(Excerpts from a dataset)
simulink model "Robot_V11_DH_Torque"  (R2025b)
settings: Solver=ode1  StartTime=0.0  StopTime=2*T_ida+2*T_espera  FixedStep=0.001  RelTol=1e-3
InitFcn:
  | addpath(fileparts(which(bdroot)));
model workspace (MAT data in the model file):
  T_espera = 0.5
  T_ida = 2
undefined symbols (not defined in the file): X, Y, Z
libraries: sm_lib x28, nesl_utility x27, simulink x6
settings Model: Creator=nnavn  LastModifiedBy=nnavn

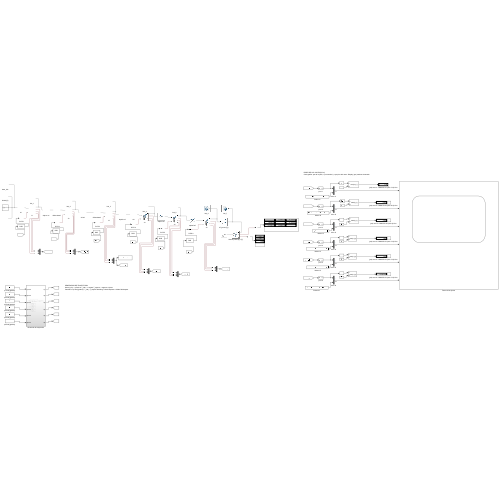
[thumbnail: Simulink's stored preview of the top-level diagram]
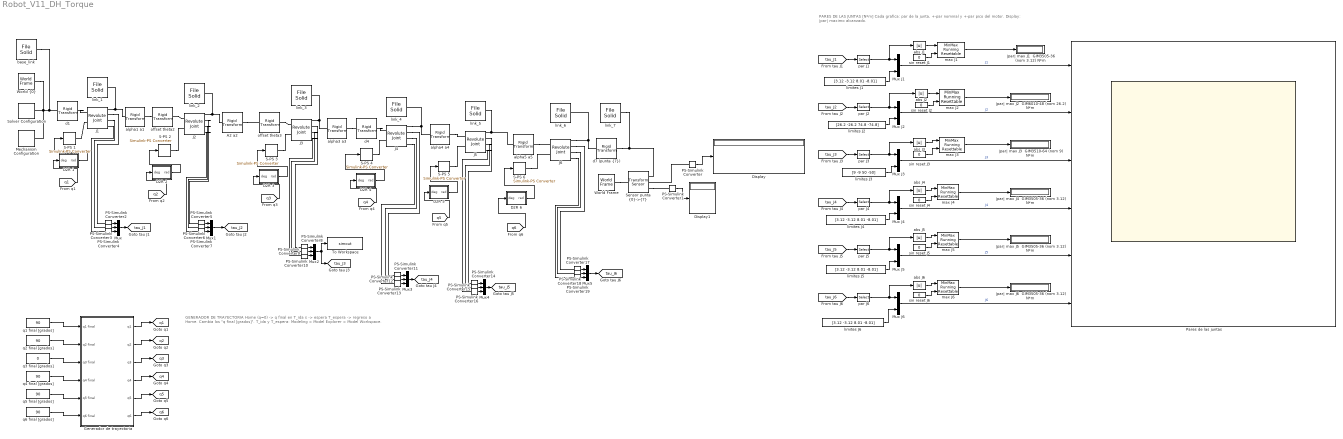
== system Robot_V11_DH_Torque ==
  note: GENERADOR DE TRAYECTORIA
      | Home (q=0) -> q final en T_ida s -> espera T_espera -> regreso a Home.
      | Cambia los "q final [grados]". T_ida y T_espera: Modeling > Model Explorer > Model Workspace.
  note: PARES DE LAS JUNTAS [N*m]
      | Cada grafica: par de la junta, +-par nominal y +-par pico del motor. Display: |par| maximo alcanzado.
  A2 a2 : sm_lib/Frames and Transforms/Rigid Transform  RotationMethod=None  FollAlignAxisA=+X  BaseAlignAxisA=+Y  FollAlignAxisB=+Y  BaseAlignAxisB=+Z  RotationStandardAxis=+Z  RotationAngle=0  RotationAngleUnits=deg  RotationArbitraryAxis=[0 0 1]  RotationSequenceAxes=FollowerAxes  RotationSequence=XYX  RotationSequenceAngles=[0 0 0]  RotationSequenceAnglesUnits=deg  RotationMatrix=[1 0 0;0 1 0;0 0 1]  Quaternion=[1 0 0 0]  TranslationMethod=StandardAxis  TranslationCartesianOffset=[0 0 0]  TranslationCartesianOffsetUnits=m  TranslationStandardAxis=+X  TranslationStandardOffset=0.16  TranslationStandardOffsetUnits=m  TranslationROffset=0  TranslationROffsetUnits=m  TranslationThetaOffset=0  TranslationThetaOffsetUnits=deg  TranslationZOffset=0  TranslationZOffsetUnits=m
  D2R 1 : Subsystem
      mask Display: disp('D2R')
  D2R 2 : Subsystem
      mask Display: disp('D2R')
  D2R 3 : Subsystem
      mask Display: disp('D2R')
  D2R 4 : Subsystem
      mask Display: disp('D2R')
  D2R 5 : Subsystem
      mask Display: disp('D2R')
  D2R 6 : Subsystem
      mask Display: disp('D2R')
  Display : Display
  Display1 : Display
  Generador de trayectoria : Subsystem
  J{1..6} (6 alike) : sm_lib/Joints/Revolute Joint  JointMode=Normal  CompositeWrenchDir=FollowerOnBase  CompositeWrenchFrame=BaseFrame  SenseConstraintForce=off  SenseConstraintTorque=off  SenseTotalForce=off  SenseTotalTorque=off  PositionTargetSpecify=off  PositionTargetPriority=High  PositionTargetValue=0  PositionTargetValueUnits=deg  VelocityTargetSpecify=off  VelocityTargetPriority=High  VelocityTargetValue=0  VelocityTargetValueUnits=deg/s  EquilibriumPosition=0  EquilibriumPositionUnits=deg  SpringStiffness=0  SpringStiffnessUnits=N*m/deg  DampingCoefficient=0  DampingCoefficientUnits=N*m/(deg/s)  LowerLimitSpecify=off  LowerLimitBound=-90  LowerLimitBoundUnits=deg  LowerLimitStiffness=1e4  LowerLimitStiffnessUnits=N*m/deg  LowerLimitDamping=10  LowerLimitDampingUnits=N*m/(deg/s)  LowerLimitTransitionRegionWidth=0.1  LowerLimitTransitionRegionWidthUnits=deg  UpperLimitSpecify=off  UpperLimitBound=90  UpperLimitBoundUnits=deg  UpperLimitStiffness=1e4  UpperLimitStiffnessUnits=N*m/deg  UpperLimitDamping=10  UpperLimitDampingUnits=N*m/(deg/s)  UpperLimitTransitionRegionWidth=0.1  UpperLimitTransitionRegionWidthUnits=deg  TorqueActuationMode=ComputedTorque  MotionActuationMode=InputMotion  SensePosition=off  SenseVelocity=off  SenseAcceleration=off  SenseTorqueForce=on  SenseLowerLimitTorqueForce=on  SenseUpperLimitTorqueForce=on
  Mechanism Configuration : sm_lib/Utilities/Mechanism Configuration  UniformGravity=Constant  GravityVector=[0 0 -9.81]  GravityVectorUnits=m/s^2  LinearizationDelta=0.001  JointModeTransitionNonlinearIterations=2
  Mux{,1..5} (6 alike) : Mux  Inputs=3
  Mux J{1..6} (6 alike) : Mux  Inputs=2
  PS-Simulink Converter{,1,3..4,6..7,9..10,12..13,15..16,18..19} (14 alike) : nesl_utility/PS-Simulink Converter  PhysicalDomain=network_engine_domain  SubClassName=ps_output  LeftPortType=input  RightPortType=output  PseudoPeriodic=off  Frequencies=[]  VectorFormat=inherit  Unit=inherit  AffineConversion=off
  PS-Simulink Converter{2,5,8,11,14,17} (6 alike) : nesl_utility/PS-Simulink Converter  PhysicalDomain=network_engine_domain  SubClassName=ps_output  LeftPortType=input  RightPortType=output  PseudoPeriodic=off  Frequencies=[]  VectorFormat=inherit  Unit=N*m  AffineConversion=off
  Pares de las juntas : Scope  NumInputPorts=6
      settings: ActiveDisplayString=6  Title="J6  GIM3505-36   nominal 3.12 / pico 8.01 N*m"  ActiveDisplayYMinimum=-9.2115  ActiveDisplayYMaximum=9.2115  YLabel=par [N*m]
  S-PS {1..6} (6 alike) : nesl_utility/Simulink-PS Converter  PhysicalDomain=network_engine_domain  SubClassName=ps_input  LeftPortType=input  RightPortType=output  PseudoPeriodic=off  Frequencies=[]  NoiseDistribution=none  NoiseParameters=[]  Unit=rad  AffineConversion=off  FilteringAndDerivatives=filter  SimscapeFilterOrder=2  InputFilterTimeConstant=0.01  UdotUserProvided=0
  "Sensor punta {0}->{7}" : sm_lib/Frames and Transforms/Transform Sensor  MeasurementFrame=World  RotationSequence=XYX  SenseAngle=off  SenseAxis=off  SenseQ=off  SenseR=on  SenseRotationSequence=off  SenseOmegaX=off  SenseOmegaY=off  SenseOmegaZ=off  SenseOmega=off  SenseQDot=off  SenseRDot=off  SenseRotationSequenceDot=off  SenseAlphaX=off  SenseAlphaY=off  SenseAlphaZ=off  SenseAlpha=off  SenseQDDot=off  SenseRDDot=off  SenseX=off  SenseY=off  SenseZ=off  SenseXYZ=on  SenseRad=off  SenseAzim=off  SenseDist=off  SenseInc=off  SenseXDot=off  SenseYDot=off  SenseZDot=off  SenseXYZDot=off  SenseRadDot=off  SenseAzimDot=off  SenseDistDot=off  SenseIncDot=off  SenseXDDot=off  SenseYDDot=off  SenseZDDot=off  SenseXYZDDot=off  SenseRadDDot=off  SenseAzimDDot=off  SenseDistDDot=off  SenseIncDDot=off
  Solver Configuration : nesl_utility/Solver Configuration  PhysicalDomain=network_engine_domain  SubClassName=solver  LeftPortType=input  RightPortType=generic  Tones=[]  Harmonics=[]  SimulateNoise=off  Profile=off  UseLocalSampling=off  EnableSwitchedLinearOptims=on  FrequencyDomain=off  UseCCode=off  RelTol=0.001  AbsTol=0.001  MinStep=1e-09  ToWorkspace=off  RevertToSquareIcSolve=off  NumHomotopyIterations=100  PhasorMode=off  PhasorModeNumHarmonics=1  ConsistencySolver=NEWTON_XTOL_AFTER_FTOL  IndexReductionMethod=DerivativeReplacement  DoDC=off  ResidualTolerance=1e-09  ConsistencyTolSource=GLOBAL  ConsistencyAbsTol=0.001  ConsistencyRelTol=0.001  ConsistencyTolFactor=0.001  UseLocalSolver=off  LocalSolverChoice=NE_BACKWARD_EULER_ADVANCER  ResolveIndetEquations=on  FunctionEvalNumThread=1  LocalSolverSampleTime=0.001  DoFixedCost=off  MaxNonlinIter=3  MaxModeIter=2  ComputeImpulses=off  ImpulseIterations=2  LinearAlgebra=auto  LinearAlgebraNumThread=0  EquationFormulation=NE_TIME_EF  DelaysMemoryBudget=1024  AutomaticFiltering=on  FilteringTimeConstant=0.001  PartitionStorageMethod=AS_NEEDED  PartitionMemoryBudget=1024  PartitionMethod=ROBUST  MultibodyUseLocalSolver=off  MultibodyLocalSolverChoice=ODE1  MultibodyLocalSolverSampleTime=0.001
  To Workspace : ToWorkspace  VariableName=simout  SampleTime=-1
  World Frame : sm_lib/Frames and Transforms/World Frame
  "World {0}" : sm_lib/Frames and Transforms/World Frame
  abs J{1..6} (6 alike) : Abs  SaturateOnIntegerOverflow=off
  alpha1 a1 : sm_lib/Frames and Transforms/Rigid Transform  RotationMethod=StandardAxis  FollAlignAxisA=+X  BaseAlignAxisA=+Y  FollAlignAxisB=+Y  BaseAlignAxisB=+Z  RotationStandardAxis=+X  RotationAngle=pi/2  RotationAngleUnits=rad  RotationArbitraryAxis=[0 0 1]  RotationSequenceAxes=FollowerAxes  RotationSequence=XYX  RotationSequenceAngles=[0 0 0]  RotationSequenceAnglesUnits=deg  RotationMatrix=[1 0 0;0 1 0;0 0 1]  Quaternion=[1 0 0 0]  TranslationMethod=None  TranslationCartesianOffset=[0 0 0]  TranslationCartesianOffsetUnits=m  TranslationStandardAxis=+Z  TranslationStandardOffset=0  TranslationStandardOffsetUnits=m  TranslationROffset=0  TranslationROffsetUnits=m  TranslationThetaOffset=0  TranslationThetaOffsetUnits=deg  TranslationZOffset=0  TranslationZOffsetUnits=m
  alpha3 a3 : sm_lib/Frames and Transforms/Rigid Transform  RotationMethod=StandardAxis  FollAlignAxisA=+X  BaseAlignAxisA=+Y  FollAlignAxisB=+Y  BaseAlignAxisB=+Z  RotationStandardAxis=-X  RotationAngle=pi/2  RotationAngleUnits=rad  RotationArbitraryAxis=[0 0 1]  RotationSequenceAxes=FollowerAxes  RotationSequence=XYX  RotationSequenceAngles=[0 0 0]  RotationSequenceAnglesUnits=deg  RotationMatrix=[1 0 0;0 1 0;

### PROBLEM TO WORK ON
What you should return is the exact text of every line from the top of the entries through the line with "D2R 5 : Subsystem", pictures removed.

### SOLVED PROBLEM
simulink model "Robot_V11_DH_Torque"  (R2025b)
settings: Solver=ode1  StartTime=0.0  StopTime=2*T_ida+2*T_espera  FixedStep=0.001  RelTol=1e-3
InitFcn:
  | addpath(fileparts(which(bdroot)));
model workspace (MAT data in the model file):
  T_espera = 0.5
  T_ida = 2
undefined symbols (not defined in the file): X, Y, Z
libraries: sm_lib x28, nesl_utility x27, simulink x6
settings Model: Creator=nnavn  LastModifiedBy=nnavn

[thumbnail: Simulink's stored preview of the top-level diagram]
== system Robot_V11_DH_Torque ==
  note: GENERADOR DE TRAYECTORIA
      | Home (q=0) -> q final en T_ida s -> espera T_espera -> regreso a Home.
      | Cambia los "q final [grados]". T_ida y T_espera: Modeling > Model Explorer > Model Workspace.
  note: PARES DE LAS JUNTAS [N*m]
      | Cada grafica: par de la junta, +-par nominal y +-par pico del motor. Display: |par| maximo alcanzado.
  A2 a2 : sm_lib/Frames and Transforms/Rigid Transform  RotationMethod=None  FollAlignAxisA=+X  BaseAlignAxisA=+Y  FollAlignAxisB=+Y  BaseAlignAxisB=+Z  RotationStandardAxis=+Z  RotationAngle=0  RotationAngleUnits=deg  RotationArbitraryAxis=[0 0 1]  RotationSequenceAxes=FollowerAxes  RotationSequence=XYX  RotationSequenceAngles=[0 0 0]  RotationSequenceAnglesUnits=deg  RotationMatrix=[1 0 0;0 1 0;0 0 1]  Quaternion=[1 0 0 0]  TranslationMethod=StandardAxis  TranslationCartesianOffset=[0 0 0]  TranslationCartesianOffsetUnits=m  TranslationStandardAxis=+X  TranslationStandardOffset=0.16  TranslationStandardOffsetUnits=m  TranslationROffset=0  TranslationROffsetUnits=m  TranslationThetaOffset=0  TranslationThetaOffsetUnits=deg  TranslationZOffset=0  TranslationZOffsetUnits=m
  D2R 1 : Subsystem
      mask Display: disp('D2R')
  D2R 2 : Subsystem
      mask Display: disp('D2R')
  D2R 3 : Subsystem
      mask Display: disp('D2R')
  D2R 4 : Subsystem
      mask Display: disp('D2R')
  D2R 5 : Subsystem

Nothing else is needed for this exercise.